The potential impact of trastuzumab or docetaxel on the pharmacokinetics of the pertuzumab was examined by comparing the individual model-predicted and observed C _trough and model-predicted PK parameters of pertuzumab among different treatment groups. The analyses showed that there was no evidence of impact of trastuzumab or of docetaxel in the presence of trastuzumab on the PK of pertuzumab. These results were not surprising since pertuzumab and trastuzumab are known to recognize different epitopes on the HER2 extracellular domain and do not compete for the same binding site [2, 16, 17]. Moreover, monoclonal antibodies (mAbs) and small molecules such as docetaxel are largely eliminated by distinct routes. Docetaxel is mainly metabolized by hepatic cytochrome P450 isoenzymes [18, 19], whereas mAbs are primarily eliminated through large-capacity, non-specific, Fc receptor-mediated IgG clearance mechanisms and through specific, target-mediated drug disposition pathways [20]. Additionally, these results are consistent with the results of a previous study that showed no DDI between pertuzumab and docetaxel and between pertuzumab and trastuzumab in the first-line MBC setting [12].
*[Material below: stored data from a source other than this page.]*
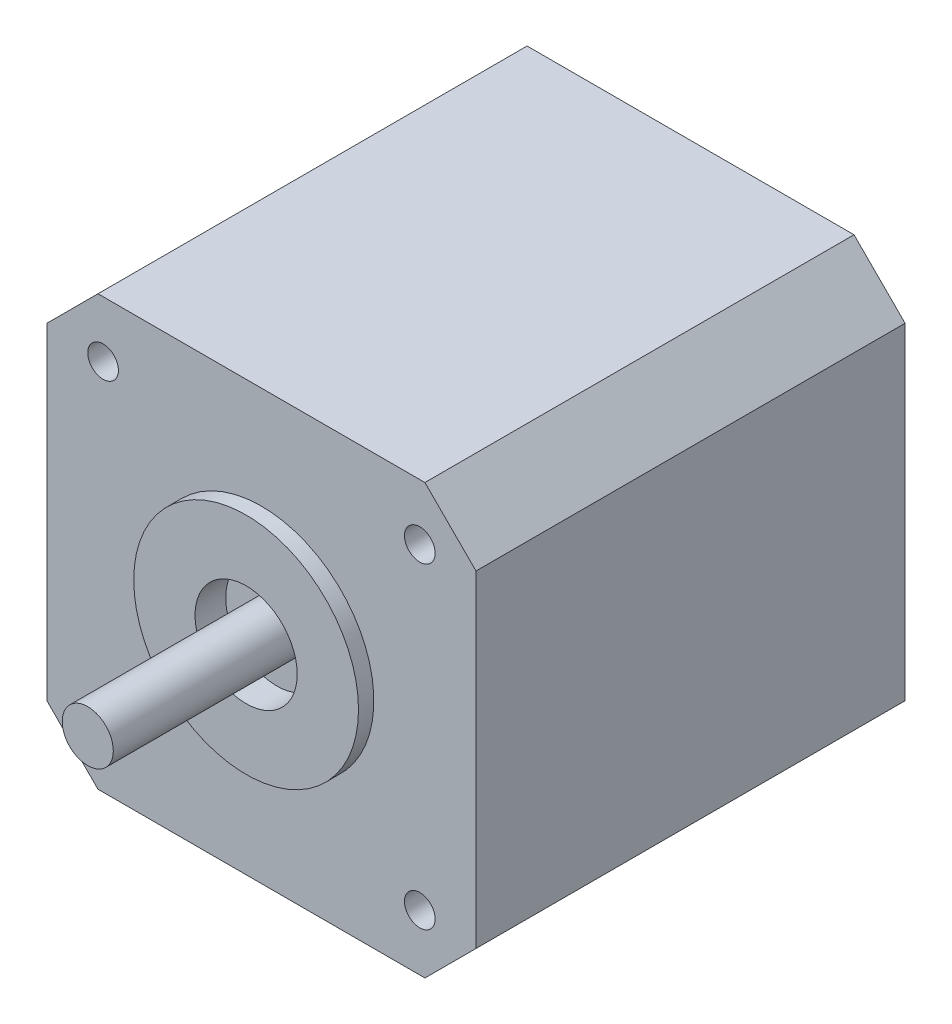
ISO-10303-21;
HEADER;
FILE_DESCRIPTION(('STEP AP214'),'2;1');
FILE_NAME('part.step','',(''),(''),'','','');
FILE_SCHEMA(('AUTOMOTIVE_DESIGN { 1 0 10303 214 1 1 1 1 }'));
ENDSEC;
DATA;
#1=APPLICATION_CONTEXT('core data for automotive mechanical design processes');
#2=APPLICATION_PROTOCOL_DEFINITION('international standard','automotive_design',2000,#1);
#3=PRODUCT_CONTEXT('',#1,'mechanical');
#4=PRODUCT('Part','Part','',(#3));
#5=PRODUCT_RELATED_PRODUCT_CATEGORY('part','',(#4));
#6=PRODUCT_DEFINITION_FORMATION('','',#4);
#7=PRODUCT_DEFINITION_CONTEXT('part definition',#1,'design');
#8=PRODUCT_DEFINITION('design','',#6,#7);
#9=PRODUCT_DEFINITION_SHAPE('','',#8);
#10=(LENGTH_UNIT() NAMED_UNIT(*) SI_UNIT(.MILLI.,.METRE.));
#11=(NAMED_UNIT(*) PLANE_ANGLE_UNIT() SI_UNIT($,.RADIAN.));
#12=(NAMED_UNIT(*) SI_UNIT($,.STERADIAN.) SOLID_ANGLE_UNIT());
#13=UNCERTAINTY_MEASURE_WITH_UNIT(LENGTH_MEASURE(1.E-05),#10,'distance_accuracy_value','');
#14=(GEOMETRIC_REPRESENTATION_CONTEXT(3) GLOBAL_UNCERTAINTY_ASSIGNED_CONTEXT((#13)) GLOBAL_UNIT_ASSIGNED_CONTEXT((#10,
#11,#12)) REPRESENTATION_CONTEXT('',''));
#15=CARTESIAN_POINT('',(0.,0.,0.));
#16=DIRECTION('',(0.,0.,1.));
#17=DIRECTION('',(1.,0.,0.));
#18=AXIS2_PLACEMENT_3D('',#15,#16,#17);
#19=CARTESIAN_POINT('',(21.,5.,21.));
#20=DIRECTION('',(0.707106781186547,-0.707106781186548,0.));
#21=DIRECTION('',(0.,0.,1.));
#22=AXIS2_PLACEMENT_3D('',#19,#20,#21);
#23=PLANE('',#22);
#24=DIRECTION('',(0.,0.,-1.));
#25=VECTOR('',#24,1.);
#26=CARTESIAN_POINT('',(21.,5.,21.));
#27=LINE('',#26,#25);
#28=CARTESIAN_POINT('',(21.,5.00000000000001,21.));
#29=VERTEX_POINT('',#28);
#30=CARTESIAN_POINT('',(21.,5.00000000000001,-21.));
#31=VERTEX_POINT('',#30);
#32=EDGE_CURVE('E189',#29,#31,#27,.T.);
#33=ORIENTED_EDGE('',*,*,#32,.F.);
#34=DIRECTION('',(0.707106781186548,0.707106781186547,0.));
#35=VECTOR('',#34,1.);
#36=CARTESIAN_POINT('',(21.,5.,21.));
#37=LINE('',#36,#35);
#38=CARTESIAN_POINT('',(16.,0.,21.));
#39=VERTEX_POINT('',#38);
#40=EDGE_CURVE('E53',#39,#29,#37,.T.);
#41=ORIENTED_EDGE('',*,*,#40,.F.);
#42=DIRECTION('',(0.,0.,1.));
#43=VECTOR('',#42,1.);
#44=CARTESIAN_POINT('',(16.,0.,21.));
#45=LINE('',#44,#43);
#46=CARTESIAN_POINT('',(16.,0.,-21.));
#47=VERTEX_POINT('',#46);
#48=EDGE_CURVE('E192',#47,#39,#45,.T.);
#49=ORIENTED_EDGE('',*,*,#48,.F.);
#50=DIRECTION('',(-0.707106781186548,-0.707106781186547,0.));
#51=VECTOR('',#50,1.);
#52=CARTESIAN_POINT('',(21.,5.,-21.));
#53=LINE('',#52,#51);
#54=EDGE_CURVE('E13',#31,#47,#53,.T.);
#55=ORIENTED_EDGE('',*,*,#54,.F.);
#56=EDGE_LOOP('',(#33,#41,#49,#55));
#57=FACE_BOUND('',#56,.T.);
#58=ADVANCED_FACE('F46',(#57),#23,.T.);
#59=CARTESIAN_POINT('',(-21.,5.,21.));
#60=DIRECTION('',(-0.707106781186547,-0.707106781186548,0.));
#61=DIRECTION('',(0.,0.,-1.));
#62=AXIS2_PLACEMENT_3D('',#59,#60,#61);
#63=PLANE('',#62);
#64=DIRECTION('',(0.,0.,1.));
#65=VECTOR('',#64,1.);
#66=CARTESIAN_POINT('',(-21.,5.,-21.));
#67=LINE('',#66,#65);
#68=CARTESIAN_POINT('',(-21.,5.00000000000001,-21.));
#69=VERTEX_POINT('',#68);
#70=CARTESIAN_POINT('',(-21.,5.00000000000001,21.));
#71=VERTEX_POINT('',#70);
#72=EDGE_CURVE('E179',#69,#71,#67,.T.);
#73=ORIENTED_EDGE('',*,*,#72,.F.);
#74=DIRECTION('',(-0.707106781186548,0.707106781186547,0.));
#75=VECTOR('',#74,1.);
#76=CARTESIAN_POINT('',(-21.,5.,-21.));
#77=LINE('',#76,#75);
#78=CARTESIAN_POINT('',(-16.,0.,-21.));
#79=VERTEX_POINT('',#78);
#80=EDGE_CURVE('E185',#79,#69,#77,.T.);
#81=ORIENTED_EDGE('',*,*,#80,.F.);
#82=DIRECTION('',(0.,0.,-1.));
#83=VECTOR('',#82,1.);
#84=CARTESIAN_POINT('',(-16.,0.,-21.));
#85=LINE('',#84,#83);
#86=CARTESIAN_POINT('',(-16.,0.,21.));
#87=VERTEX_POINT('',#86);
#88=EDGE_CURVE('E182',#87,#79,#85,.T.);
#89=ORIENTED_EDGE('',*,*,#88,.F.);
#90=DIRECTION('',(0.707106781186548,-0.707106781186547,0.));
#91=VECTOR('',#90,1.);
#92=CARTESIAN_POINT('',(-21.,5.,21.));
#93=LINE('',#92,#91);
#94=EDGE_CURVE('E187',#71,#87,#93,.T.);
#95=ORIENTED_EDGE('',*,*,#94,.F.);
#96=EDGE_LOOP('',(#73,#81,#89,#95));
#97=FACE_BOUND('',#96,.T.);
#98=ADVANCED_FACE('F214',(#97),#63,.T.);
#99=CARTESIAN_POINT('',(-16.,42.,0.));
#100=DIRECTION('',(0.707106781186547,-0.707106781186548,0.));
#101=DIRECTION('',(0.,0.,1.));
#102=AXIS2_PLACEMENT_3D('',#99,#100,#101);
#103=PLANE('',#102);
#104=DIRECTION('',(0.,0.,1.));
#105=VECTOR('',#104,1.);
#106=CARTESIAN_POINT('',(-16.,42.,0.));
#107=LINE('',#106,#105);
#108=CARTESIAN_POINT('',(-16.,42.,-21.));
#109=VERTEX_POINT('',#108);
#110=CARTESIAN_POINT('',(-16.,42.,21.));
#111=VERTEX_POINT('',#110);
#112=EDGE_CURVE('E115',#109,#111,#107,.T.);
#113=ORIENTED_EDGE('',*,*,#112,.F.);
#114=DIRECTION('',(-0.707106781186548,-0.707106781186547,0.));
#115=VECTOR('',#114,1.);
#116=CARTESIAN_POINT('',(-16.,42.,-21.));
#117=LINE('',#116,#115);
#118=CARTESIAN_POINT('',(-21.,37.,-21.));
#119=VERTEX_POINT('',#118);
#120=EDGE_CURVE('E130',#119,#109,#117,.F.);
#121=ORIENTED_EDGE('',*,*,#120,.F.);
#122=DIRECTION('',(0.,0.,-1.));
#123=VECTOR('',#122,1.);
#124=CARTESIAN_POINT('',(-21.,37.,21.));
#125=LINE('',#124,#123);
#126=CARTESIAN_POINT('',(-21.,37.,21.));
#127=VERTEX_POINT('',#126);
#128=EDGE_CURVE('E173',#127,#119,#125,.T.);
#129=ORIENTED_EDGE('',*,*,#128,.F.);
#130=DIRECTION('',(0.707106781186548,0.707106781186547,0.));
#131=VECTOR('',#130,1.);
#132=CARTESIAN_POINT('',(-16.,42.,21.));
#133=LINE('',#132,#131);
#134=EDGE_CURVE('E177',#111,#127,#133,.F.);
#135=ORIENTED_EDGE('',*,*,#134,.F.);
#136=EDGE_LOOP('',(#113,#121,#129,#135));
#137=FACE_BOUND('',#136,.T.);
#138=ADVANCED_FACE('F218',(#137),#103,.F.);
#139=CARTESIAN_POINT('',(16.,42.,0.));
#140=DIRECTION('',(-0.707106781186547,-0.707106781186548,0.));
#141=DIRECTION('',(0.,0.,-1.));
#142=AXIS2_PLACEMENT_3D('',#139,#140,#141);
#143=PLANE('',#142);
#144=DIRECTION('',(0.,0.,-1.));
#145=VECTOR('',#144,1.);
#146=CARTESIAN_POINT('',(16.,42.,0.));
#147=LINE('',#146,#145);
#148=CARTESIAN_POINT('',(16.,42.,21.));
#149=VERTEX_POINT('',#148);
#150=CARTESIAN_POINT('',(16.,42.,-21.));
#151=VERTEX_POINT('',#150);
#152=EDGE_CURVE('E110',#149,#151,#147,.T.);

The pertuzumab clinical dosing regimen of a 840 mg fixed loading dose followed by 420 mg every three weeks was selected based on PK and safety data from studies where pertuzumab was administered as a single agent to patients with advanced refractory solid tumors, including ovarian cancer, metastatic breast cancer (low HER2 expressing), and hormone-refractory prostate cancer. Results from these clinical studies, from population pharmacokinetic analyses [21], and from dose–response studies in non-clinical xenograft models were used to determine the dose of pertuzumab used in late-stage clinical studies. In single ascending dose studies utilizing pertuzumab doses of 0.5–25 mg/kg [22, 23] and also in Phase II studies where patients were treated with either 420 mg q3w (following a loading dose of 840 mg) or 1050 mg q3w (with no initial loading dose) as a single agent or in combination with other chemotherapeutic agents, the maximum tolerated dose (MTD) was not reached and no clear dose–safety or dose–efficacy relationship was observed. In oncology, especially for chemotherapeutic agents, the MTD is often carried forward into Phase III studies. However, given that pertuzumab is a targeted monoclonal antibody and the MTD was not reached, the dose for Phase III studies was selected based on achievement of the clinical target pertuzumab concentrations (steady-state C _trough concentration of ≥20 µg/mL in 90% of patients) that resulted in maximal suppression of tumor growth in non-clinical xenograft dose–response studies [24]. In the NeoSphere study, the majority of patients (>90%) achieved the target serum concentrations. Consistent with the non-clinical xenograft studies, the ER analysis suggested that there was no association between pCR rate and pertuzumab concentrations within the observed concentration range of approximately 20–100 μg/mL, supporting no dose adjustments needed for patient with lower exposure. This analysis further supports the appropriateness of the fixed, non-weight-based pertuzumab dose of 840 mg followed by 420 mg q3w in the neoadjuvant treatment of early breast cancer patients.